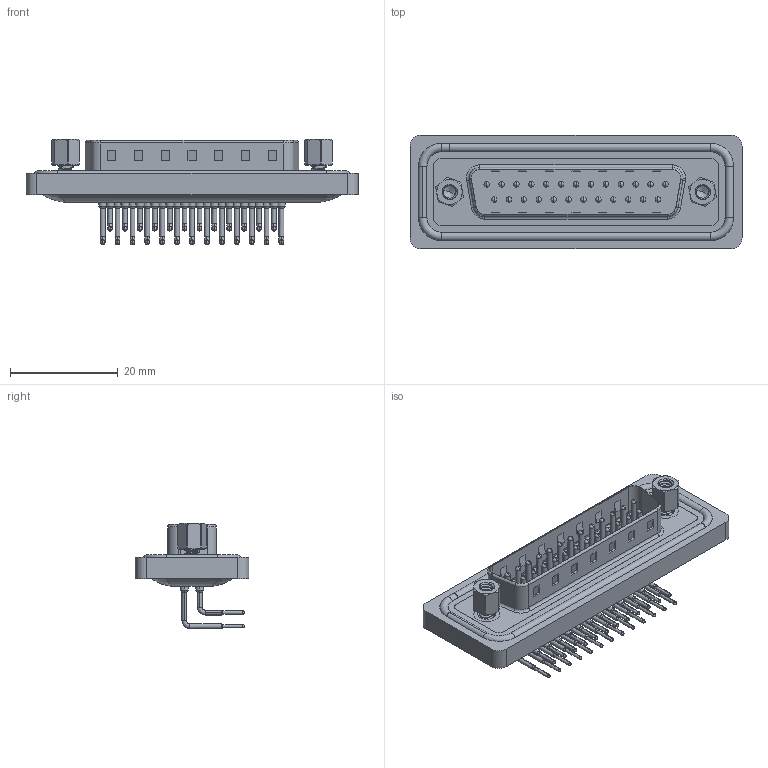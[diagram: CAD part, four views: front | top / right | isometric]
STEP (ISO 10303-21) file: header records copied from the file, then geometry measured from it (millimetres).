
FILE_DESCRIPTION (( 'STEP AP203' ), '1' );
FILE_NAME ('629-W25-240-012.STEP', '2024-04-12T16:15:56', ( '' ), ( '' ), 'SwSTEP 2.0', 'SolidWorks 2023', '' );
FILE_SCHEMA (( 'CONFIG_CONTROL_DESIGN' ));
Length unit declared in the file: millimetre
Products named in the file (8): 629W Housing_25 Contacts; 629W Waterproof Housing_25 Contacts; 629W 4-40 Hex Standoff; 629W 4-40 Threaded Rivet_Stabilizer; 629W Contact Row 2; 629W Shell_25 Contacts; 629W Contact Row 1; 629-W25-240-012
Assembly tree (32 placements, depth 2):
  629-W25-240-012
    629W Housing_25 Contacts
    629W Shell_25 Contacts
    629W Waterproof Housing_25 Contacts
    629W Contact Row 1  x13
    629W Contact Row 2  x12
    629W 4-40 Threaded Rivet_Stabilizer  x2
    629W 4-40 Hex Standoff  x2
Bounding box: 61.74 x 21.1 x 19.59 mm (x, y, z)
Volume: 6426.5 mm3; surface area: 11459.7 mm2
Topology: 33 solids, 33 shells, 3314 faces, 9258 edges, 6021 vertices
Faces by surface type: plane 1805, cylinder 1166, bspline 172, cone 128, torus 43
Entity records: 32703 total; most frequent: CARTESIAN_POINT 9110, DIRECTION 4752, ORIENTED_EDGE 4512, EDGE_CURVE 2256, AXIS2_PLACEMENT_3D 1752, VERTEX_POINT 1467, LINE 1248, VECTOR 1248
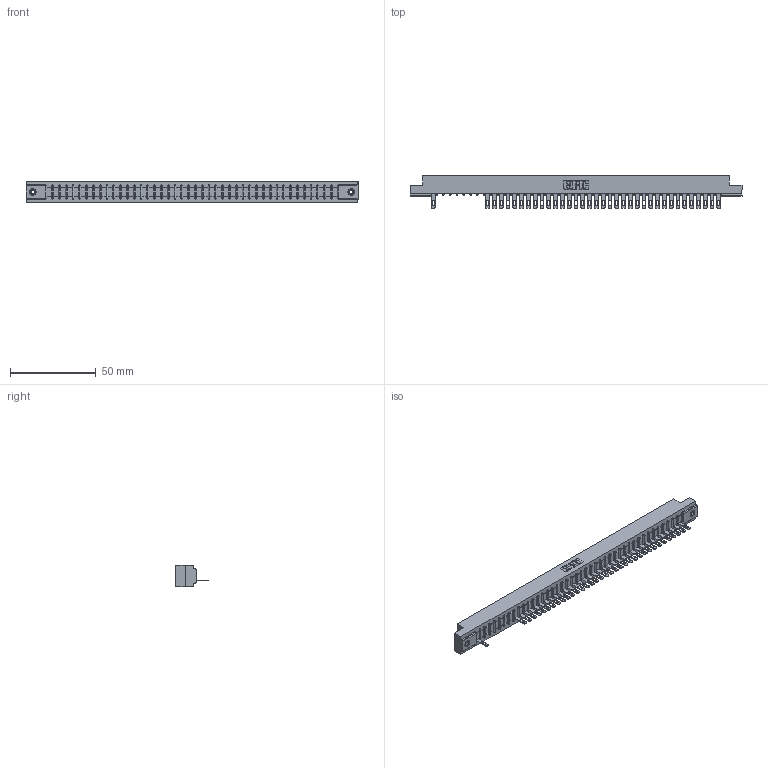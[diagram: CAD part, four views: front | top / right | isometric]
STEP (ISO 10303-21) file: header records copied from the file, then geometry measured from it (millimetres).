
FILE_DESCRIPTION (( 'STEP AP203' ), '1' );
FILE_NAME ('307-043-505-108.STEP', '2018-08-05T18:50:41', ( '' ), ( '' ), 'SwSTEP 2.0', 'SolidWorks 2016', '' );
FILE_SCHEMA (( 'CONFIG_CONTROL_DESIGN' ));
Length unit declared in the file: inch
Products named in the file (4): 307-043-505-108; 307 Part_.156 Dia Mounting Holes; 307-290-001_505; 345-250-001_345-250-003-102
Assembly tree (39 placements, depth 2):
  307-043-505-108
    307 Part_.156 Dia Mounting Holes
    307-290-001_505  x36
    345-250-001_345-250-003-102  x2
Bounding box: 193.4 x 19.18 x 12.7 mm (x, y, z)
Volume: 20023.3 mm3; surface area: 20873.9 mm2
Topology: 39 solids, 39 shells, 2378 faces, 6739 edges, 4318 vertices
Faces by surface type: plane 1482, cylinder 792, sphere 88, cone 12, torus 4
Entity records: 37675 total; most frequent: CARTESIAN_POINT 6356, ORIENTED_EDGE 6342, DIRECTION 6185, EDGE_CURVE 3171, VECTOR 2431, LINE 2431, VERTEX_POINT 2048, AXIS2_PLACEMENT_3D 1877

→ Work item
Please reproduce exactly and only the lines from the first line of the records through the line containing "Entity records: 32703", both included, omitting any pictures.

→ Result of this exercise
[diagram: CAD part, four views: front | top / right | isometric]
STEP (ISO 10303-21) file: header records copied from the file, then geometry measured from it (millimetres).
FILE_DESCRIPTION (( 'STEP AP203' ), '1' );
FILE_NAME ('629-W25-240-012.STEP', '2024-04-12T16:15:56', ( '' ), ( '' ), 'SwSTEP 2.0', 'SolidWorks 2023', '' );
FILE_SCHEMA (( 'CONFIG_CONTROL_DESIGN' ));
Length unit declared in the file: millimetre
Products named in the file (8): 629W Housing_25 Contacts; 629W Waterproof Housing_25 Contacts; 629W 4-40 Hex Standoff; 629W 4-40 Threaded Rivet_Stabilizer; 629W Contact Row 2; 629W Shell_25 Contacts; 629W Contact Row 1; 629-W25-240-012
Assembly tree (32 placements, depth 2):
  629-W25-240-012
    629W Housing_25 Contacts
    629W Shell_25 Contacts
    629W Waterproof Housing_25 Contacts
    629W Contact Row 1  x13
    629W Contact Row 2  x12
    629W 4-40 Threaded Rivet_Stabilizer  x2
    629W 4-40 Hex Standoff  x2
Bounding box: 61.74 x 21.1 x 19.59 mm (x, y, z)
Volume: 6426.5 mm3; surface area: 11459.7 mm2
Topology: 33 solids, 33 shells, 3314 faces, 9258 edges, 6021 vertices
Faces by surface type: plane 1805, cylinder 1166, bspline 172, cone 128, torus 43
Entity records: 32703 total; most frequent: CARTESIAN_POINT 9110, DIRECTION 4752, ORIENTED_EDGE 4512, EDGE_CURVE 2256, AXIS2_PLACEMENT_3D 1752, VERTEX_POINT 1467, LINE 1248, VECTOR 1248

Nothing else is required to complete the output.